Ajib mengatakan, untuk menjaga pertumbuhan ekonomi pada semester II-2025, pemerintah diharapkan juga dapat segera mengalirkan belanja sebagai stimulus utama. Menurutnya, prinsip belanja pemerintah harus lebih mengedepankan spending better, yaitu prudent dalam melakukan pola belanja pemerintah yang mendorong pertumbuhan ekonomi dengan maksimal.
“Ini sejalan dengan program Asta Cita Presiden Prabowo Subianto, yaitu meningkatkan lapangan kerja berkualitas,” ujar dia.
Baca Juga
Indikator: Pelemahan Ekonomi
Ajib melihat tren kuartal kedua juga menunjukkan indikator-indikator yang mengarah pada pelemahan ekonomi. Pada April dan Mei, Purchasing Managers' Index (PMI) Manufaktur mengalami konstraksi, ke sekitar 46,7 dan 47,4.
“Konstraksi PMI Manufaktur ini secara umum memberikan gambaran. Inni menjadi indikator penurunan daya beli masyarakat,” kata dia.

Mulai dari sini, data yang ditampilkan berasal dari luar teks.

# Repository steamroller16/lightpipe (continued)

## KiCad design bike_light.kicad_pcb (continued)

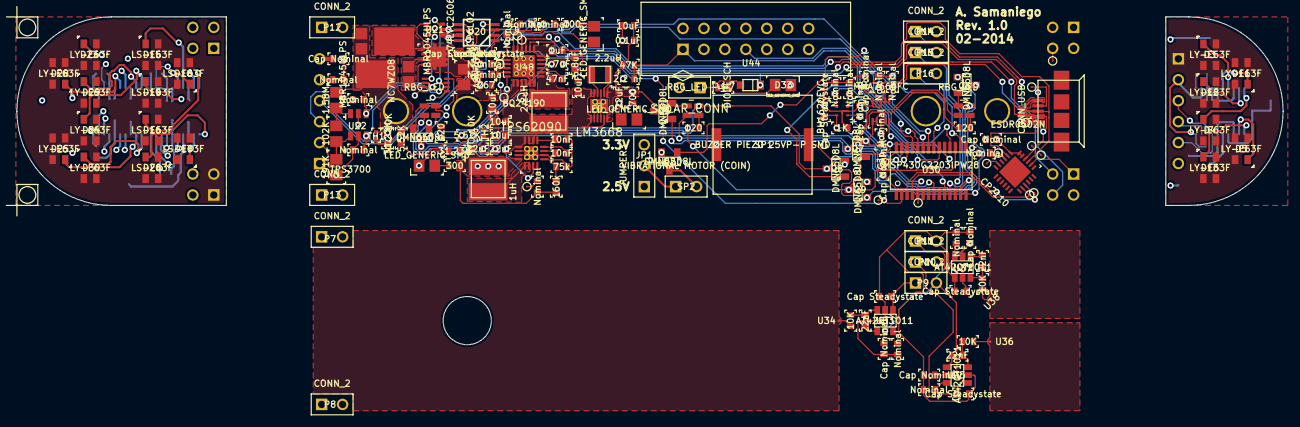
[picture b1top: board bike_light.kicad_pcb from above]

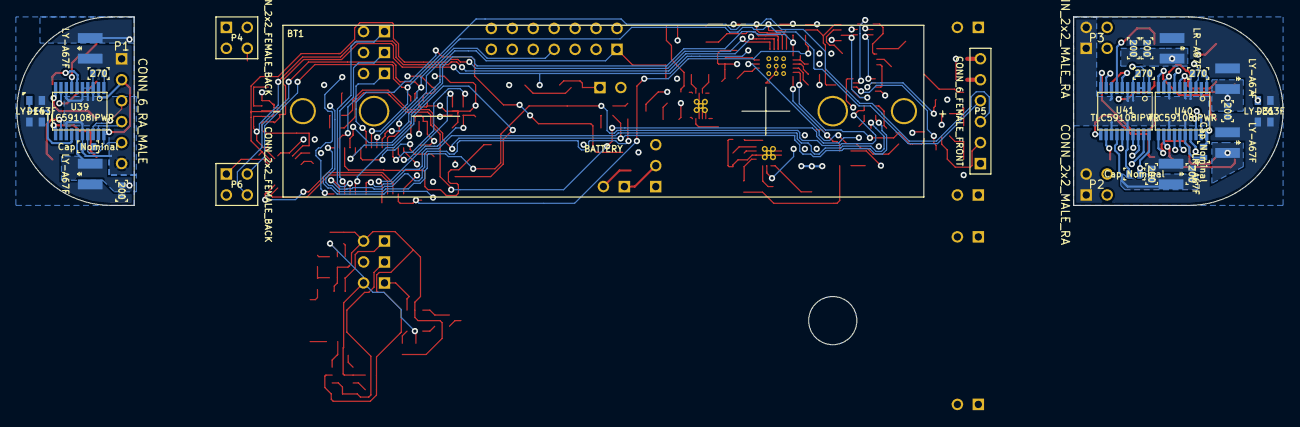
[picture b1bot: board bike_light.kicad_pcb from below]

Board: 4 copper layers, 153.5 x 39.8 mm, 198 parts (30 on the bottom side), 121 nets.

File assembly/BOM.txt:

Ref.	Part	Qty.
BT1	BATTERY	1
"C1,C2"	Cap Steadystate	2
"C3,C4"	Cap Nominal	2
C5	Cap Steadystate	1
"C6,C7"	Cap Nominal	2
C8	22nF	1
C9	Cap Steadystate	1
C10	Cap Nominal	1
C11	22nF	1
C12	Cap Steadystate	1
C13	Cap Nominal	1
C14	22nF	1
C15	Cap Steadystate	1
C16..C20	Cap Nominal	5
"C21,C22"	22uF	2
"C23,C24"	10nF	2
C25	10uF	1
C26	22uF	1
C27	0.1uF	1
C28	10uF	1
C29	2.2 nF	1
C30	Cap Nominal	1
C31	1uF	1
C32	6.8uF	1
C33	47nF	1
C34..C36	10uF	3
C37	4.7uF	1
"D1,D2"	MBR1045ULPS	2
D3..D5	LY-E63F	3
D6	LY-A67F	1
D7..D9	RBG_LED	3
D10	LY-A67F	1
D11..D14	LY-E63F	4
D15..D20	LS-E63F	6
"D21,D22"	LR-A67F	2
D23..D25	LY-E63F	3
"D26,D27"	LY-A67F	2
D28..D31	LY-E63F	4
D32	LED_GENERIC_SMD	1
D33	DIODESCH	1
D36..D38	LED_GENERIC_SMD	3
JP1	JUMPER3	1
L1	1uH	1
"L2,L3"	2.2uH	2
P1	CONN_6_RA_MALE	1
"P2,P3"	CONN_2x2_MALE_RA	2
P4	CONN_2x2_FEMALE_BACK	1
P5	CONN_6_FEMALE_FRONT	1
P6	CONN_2x2_FEMALE_BACK	1
P7..P16	CONN_2	10
P17	SOLAR_CONN	1
Q1	AON7611	1
Q2..Q9	DMN65D8L	7
R1	R	1
R2	1.58M	1
"R3,R4"	Nominal	2
R5	102K	1
R6	191K	1
R7..R12	200	6
R13	1.55K	1
R17	1K	1
R18..R21	Nominal	4
R22	10K	1
R23	Nominal	1
R24	10K	1
R25	Nominal	1
R26	10K	1
R27	Nominal	1
R28..R30	120	3
R37..R39	270	3
R40	Nominal	1
R41	160k	1
R42	300	1
R43	Nominal	1
R44	75k	1
R45	700	1
R46	47K	1
R47	Nominal	1
R48	700	1
R49..R52	Nominal	4
"R53,R54"	5.52K	2
R55	267	1
R56	Nominal	1
"R57,R58"	31.23K	2
SP1	BUZZER PIEZO 25VP-P SMD	1
SP2	VIBRATIONAL MOTOR (COIN)	1
"TH1,TH2"	NTC 10K	2
U1..U19	TEST_PT	19
U20	MCP6L02	1
U21	74LVC2G06	1
U22	TPS3700	1
U23	NC7WZ08	1
U30	MSP430G2203IPW28	1
U31	BH1620FVC	1
U32	MMA7660FC	1
U33	AT42QT1011	1
U34	TOUCHPAD	1
U35	AT42QT1011	1
U36	TOUCHPAD	1
U37	AT42QT1011	1
U38	TOUCHPAD	1
U39..U41	TLC59108IPWR	3
U42	TPS62090	1
U43	LM3668	1
U44	CONN_JTAG_14_2_wire	1
U45	CP2110	1
U46	ESDR0502N	1
U47	CONN_USB	1
U48	BQ24190	1

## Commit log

2013-10-22 First test commit.
2013-10-23 Does this shiet work???
    EXTENDEDDDDDD
2013-10-23 Kicad files
2013-11-07 Started working through components
    Going through the parts list from top to bottom. Got to the light
    sensor. Not done yet.
2013-11-08 Accelerometer done!
    progressin' like a beast
2013-11-10 Safety Lighting done!
    mmm getcha some of dis lighting... for safety...
2013-11-11 Various components added
    USB conn, general outputs, brake signal, touch sensor
2013-11-12 Battery management stuff
    :D
2013-11-15 random minor thing
2013-11-17 Added comments to schematic
    shows what needs to be done
2013-11-18 revised LED parts to match reality
2013-11-23 fixed mosfet battery direction ic
2013-11-24 started fleshing out USB comm circuits
2013-11-24 added missing datasheets to old components
2013-11-24 completed USB comm circuits
2013-11-25 started working on charging IC
    can't for the life of me tell if it will work with low battery
    voltage... seems like it might work, but it won't start switching until
    the battery voltage is above 3.3V, in which case it acts as a buck
    regulator to 3.3V. That 3.3V is adjustable, however, so if we can get
    away with 3.0V on the other IC's which we need to power, we might be
    okay... It will boost the battery voltage up to 5V if a usb device is
2013-11-30 3.3V supply done.
2013-11-30 Removed bak and bck files.
2013-11-30 Added a rules file to ignore bak and bck files.
2013-11-30 Removed another bak file.
2013-11-30 Added .gitattributes file to handle line endings correctly.
2013-11-30 save current sheet only test
2013-11-30 save whole schematic project test
    worked!
2013-11-30 deleted crap files
2013-11-30 added part info for power IC
2013-12-02 added MSP to proc sheet
2013-12-05 added bat-current LED driver array for I2C
2013-12-06 finished batt-current LED driver array over I2C
2013-12-07 added headlight sheet, led, dac
2013-12-07 organized proc sheet I/O, organized I2C bus structure
2013-12-08 continued fleshing out proc
2013-12-08 general organization, fixed power reg sheet, added jtag
2013-12-09 removed crap file
2013-12-10 2.5V Regulator finished.
2013-12-10 added thermal pad to 2.5V, added some labels
2013-12-11 Minor fixes, labels, etc
2013-12-12 started working on charging IC
2013-12-13 continued working on charging IC
2013-12-13 uh. same as before? some glitch
2013-12-14 finished schematic charger, need to part out caps and inductor
2013-12-18 added pullups/downs as necessary, added test pts
    also added interrupt conn to msp from charger, made led part for generic
    indicators, added generic indicators to psu's
2013-12-19 fixed issue with test point symbols
2013-12-20 various fixes due to issues found in ERC
    learned how to use invisible pins
2013-12-21 started figuring out how to get pcb going
    also need to figure out how to make some footprints, although there is a
    nice library of footprints avalible already
2014-01-13 gave parts unique id's
2014-01-18 finished making footprints!
    :D
2014-01-18 placed components ... quite the task!
    there is a lot of shit going on in this board... :D
2014-01-19 trying to pack stuff in...
2014-01-19 Never thought 0805 would seem big...
    But about 80% of the space is consumed by the 0805 resistor and caps.
    01005? XD
2014-01-20 moving around parts in pcb
2014-01-31 pdf revision
2014-02-01 revisions to board and sch
2014-02-01 revised layout considerably. more compact
    almost ready for routing
2014-02-03 replacement of parts, moved parts, preparing for routing
2014-02-04 organizing parts...
2014-02-07 rearranged components, revised footprints
    also planned power/gnd planes. haven't routed anything yet
2014-02-08 parts arranged plausibly
    maybe ready for routing?
2014-02-09 revised connections between boards
    now right and left will be identical and easy to assemble.
2014-02-10 began routing!!!!!
    :D
    gonna try the autorouter after important traces.
2014-02-10 did 1 trace...
2014-02-13 routed 70% of board, made adjustments to schematics as necessary
2014-02-16 routed the back light module
2014-02-16 finished other light module
2014-02-17 finished routing board, added vibrator module
2014-02-22 revised board for manufacture
    still need to panelize
2014-02-24 made minor revisions for manufacture
    just need to panelize, double check parts, and order
2014-02-27 found error in schematic, charger stat LED
2014-03-01 added connector for testing solar panel
2014-03-01 added solar panel indicator and protection diode
    need to annotate, add parts, update netlist, and complete layout
2014-03-01 completed rev 1 of board
    need to panelize
2014-03-02 rearranged manufacturing file structure
    board completed for rev 1. sent out for manufacture. ordered parts.
2014-03-02 birth of the new codebase :D
2014-03-06 added some preview pngs of the board ^-^
2014-03-06 tiny change in code plan
2014-03-07 added note about time sync between devices
2014-03-08 code plan update with pins and addresses
2014-03-09 started working on the code
2014-03-10 started coding. not sure about file structure
    much to be done. see main.c
2014-03-12 file structure commit
2014-03-12 forgot to commit main.c
2014-03-12 initial code commits
2014-03-13 minor shiet, not much time today
2014-03-13 wrote util adc/gpio, other minor corrections
2014-03-14 Added empty header files.
2014-03-15 pins and gpio util done (?)
2014-03-15 jus' codin'.
2014-03-15 renamed some files... trying to outline desired behaviors in main.c
2014-03-15 added functionality outline in top of main.c
2014-03-15 batt_voltage sensor fleshed out
2014-03-16 started working on the timers...
2014-03-16 realized issue with timer pin out
    I don't think there is hardware support to do the RGB color control with
    indpendent duty cycles. We might have to steal one of the other LED ctrl
    outputs in order to do that, or make a hack solution in software...
2014-03-16 Added IAR project file. Code doesn't compile yet.
2014-03-16 Removed some unnecessary IAR files.
2014-03-16 Lots of changes to main, isr, and util_adc. They all compile now. May or may not work.
2014-03-16 Added header files to iar project.
2014-03-17 drafted timers. problems in there though with RGB mixing
2014-03-23 finished drafting the code for feedback lights
2014-03-24 finished(really) the feedback LED setup
2014-03-24 implemented RGB battery fuel guage LED
2014-03-31 various code additions
2014-06-01 Added assembly files
2014-06-01 ignore random files
2014-06-01 Rearranged ref des for assembly outputs
2014-06-08 Added code for initial debug and testing
    All in main.c and main.h. Includes testing for the touch pads, for the
    RGB led's, and for the signal flash timer logic. Does this using the
    watchdog timer. Proc in LPM3, rest through interrupts.
2014-06-08 ignore random file
2014-06-08 Added vibration debug code
2014-06-08 added speaker debug
2014-06-08 Added project file from older version of IAR workbench.
2014-06-08 main.c now compiles.
2014-06-08 Added util_adc and util_i2c. Both compile.
2014-06-08 I2C is much better looking now. Still not tested.
2014-06-13 debug code revisions
2014-06-13 debug code revisions attempt 2
2014-06-14 project file changes in IAR
2014-06-14 Revert "debug code revisions attempt 2"
    This reverts commit d0ee1208265ca8849124d270e9b8d0178f3eb694.
    Conflicts:
    code/src/main.c
2014-06-15 gah, reverting changes, getting ready for first run
2014-06-15 started debugging, fixed project file
2014-06-16 New: Touch, debug LED's, clicker, wdt interval
    minimally functional demo of touch enabled signaling, using wdt timer as
    the means for switching a debug LED on and off. click feedback enabled
    through buzzer. interrupt driven LPM3.
2014-06-16 SAM- HELP? added various I2C debug stuff
    need help using some of your functions
2014-06-17 still not working... ptrs- oh my.
2014-06-17 Quick fixes to i2c debug code to fix datatypes.
2014-06-18 small changes. still compilation issues.
    something related to argument types within the functions in i2c.c I
    didn't get much of a chance to debug today, so I can check tomorrow
2014-06-18 data type conflicts resolved. compiles, but...
    USCIAB0TX interrupt is never firing. Need to do some digging and figure
    out why.
2014-06-20 hack-y but FLASHING FRIGGING BRIGHTLY
    :deciduous_tree: ?
2014-06-21 added i2c all call for light demo
2014-06-21 started fleshing in batt comm
2014-06-21 update util i2c
2014-06-22 I2C - BROKEN...
    gets stuck in an infinite loop where the write function gets called over
    and over. If I single step then everything works as intended. If I let
    the chip run, then the I2C LED's never turn on. The older code worked,
    but I don't like the way it was written. It really needs to be
    non-blocking.
2014-06-23 Demo of WDT for low freq interrupts
    For use with signal flashing. I am trimming down the code into different
    branches which are functional so as to squash bugs. This code has been
    tested and seems to work for low freq interrupts, which will be used for
    signal flashing.
2014-06-24 I2C Write demo w/ I2C LED's
    Works with older code (committed here). Trying to figure out why my new
    code (commented - which I think is cleaner) doesn't work. Problem with
    writing has been isolated to I2C ISR. Also, figured out that the way to
    turn the LED's on and off is with their LEDMODE bits, rather than by
    turning on/off the MODE1 oscillator bit. The latter results in glitches
    during operation.
2014-06-25 I2C Write - works. Set Slave Adr - works.
    working on read command now.
2014-06-25 problems with I2C read...
    needs revising
2014-06-26 I2C Write/Read single/multi works.
    Added some code for demo in main.
2014-06-26 started interfacing with charger IC
    defines moved to chip~.h, filled in battery info and charger info, just
    need to write the commands using i2c functions
2014-06-26 finished comms w/ batt chg ic
    also added files to IAR project
2014-06-26 finished comms w/ led drivers
    added chip~.c,.h files for led drivers, updated project file, added
    minimal demos for chip comms, updated i2c files
2014-06-26 pedantic, unnecessary commit
2014-06-27 started accel comms, .h done, working on .c
    . . .
2014-06-28 still working on figuring out init settings
    planning out algorithm also
2014-06-28 finished comms w/ accel
    still needs testing
2014-06-29 started light sense comms
2014-06-29 finished light sense comms
    also modified adc.c isr
2014-06-29 added accel isr
    I guess the port 2 isr should be in main or in its own file, as it
    shares interrupts from the charger, the accel, and the touch inputs?
2014-06-29 added demos in main for testing
2014-06-29 started fleshing in UART comms
2014-06-30 finalized UART comms
    isrs need to be implemented externally so that I2C and UART can share
    the same ISRs
2014-07-01 debugging accel comm.
    Interrupts not firing, hangs with bus low. Seemed to work initially, but
    have since been unsuccessful in reliably communicating.
2014-07-03 started working on algorithm
    made a new file, barely starting out
2014-07-04 No adc! Problems with accel and light sens
2014-08-22 started working in demo of signals
2014-08-23 functional demo created

Ajib mengatakan, kondisi pelemahan indikator-indikator makro pertumbuhan ekonomi ini disebabkan paling tidak empat hal. Pertama, karena kemampuan konsumsi masyarakat memang secara riil mengalami penurunan. Hal ini didukung dengan data gelombang Pemutusan Hubungan Kerja (PHK) sejak awal tahun yang sudah menyentuh lebih dari 70 ribu, pada kuartal pertama 2025.
"Data kemiskinan di Indonesia juga mengalami peningkatan. Bahkan dengan standar dari World Bank, tahun 2024, di Indonesia yang masuk kategori miskin mencapai 60,3%. Kondisi ini sejalan dengan penurunan daya beli masyarakat,” ucap dia.
Baca Juga
Faktor kedua, kata Ajib, adalah pola government spending pada awal tahun 2025. Penerimaan pajak pada kuartal I 2025 hanya mencapai 14,7% dari target penerimaan, yang idealnya bisa mencapai 20%. Kemudian, pemerintah melakukan program efisiensi belanja, sehingga memberikan sentimen negatif terhadap pertumbuhan ekonomi pada periode awal tahun.
Faktor ketiga, adalah kontraksi ekonomi karena faktor eksternal, terutama karena kebijakan penaikan tarif impor presiden AS Donald Trump. "Kondisi ini membuat permintaan barang terutama dari Amerika Serikat mengalami penurunan dan juga neraca transaksi keuangan sejak April 2025. Kompleksitas kebijakan efek tarif Trump memberikan sentimen negatif selama kuartal kedua,” papar dia.
Keempat, perlambatan ekonomi terjadi karena sisi investasi yang lebih banyak terkonsentrasi pada sektor padat modal. Sehingga, multiplier effect terhadap penyerapan tenaga kerja kurang maksimal.
Membandingkan data 10 tahun ke belakang, pada tahun 2014, setiap Rp 1 triliun bisa menyerap sampai dengan 4.000 tenaga kerja. Sedangkan pada tahun 2024, setiap Rp 1 triliun investasi menyerap sekitar 1.000 tenaga kerja.
“Target investasi tahun 2025 sebesar Rp 1.905,6 triliun. Ini diharapkan bisa menyerap lebih dari 3,59 juta tenaga kerja baru,” kata dia.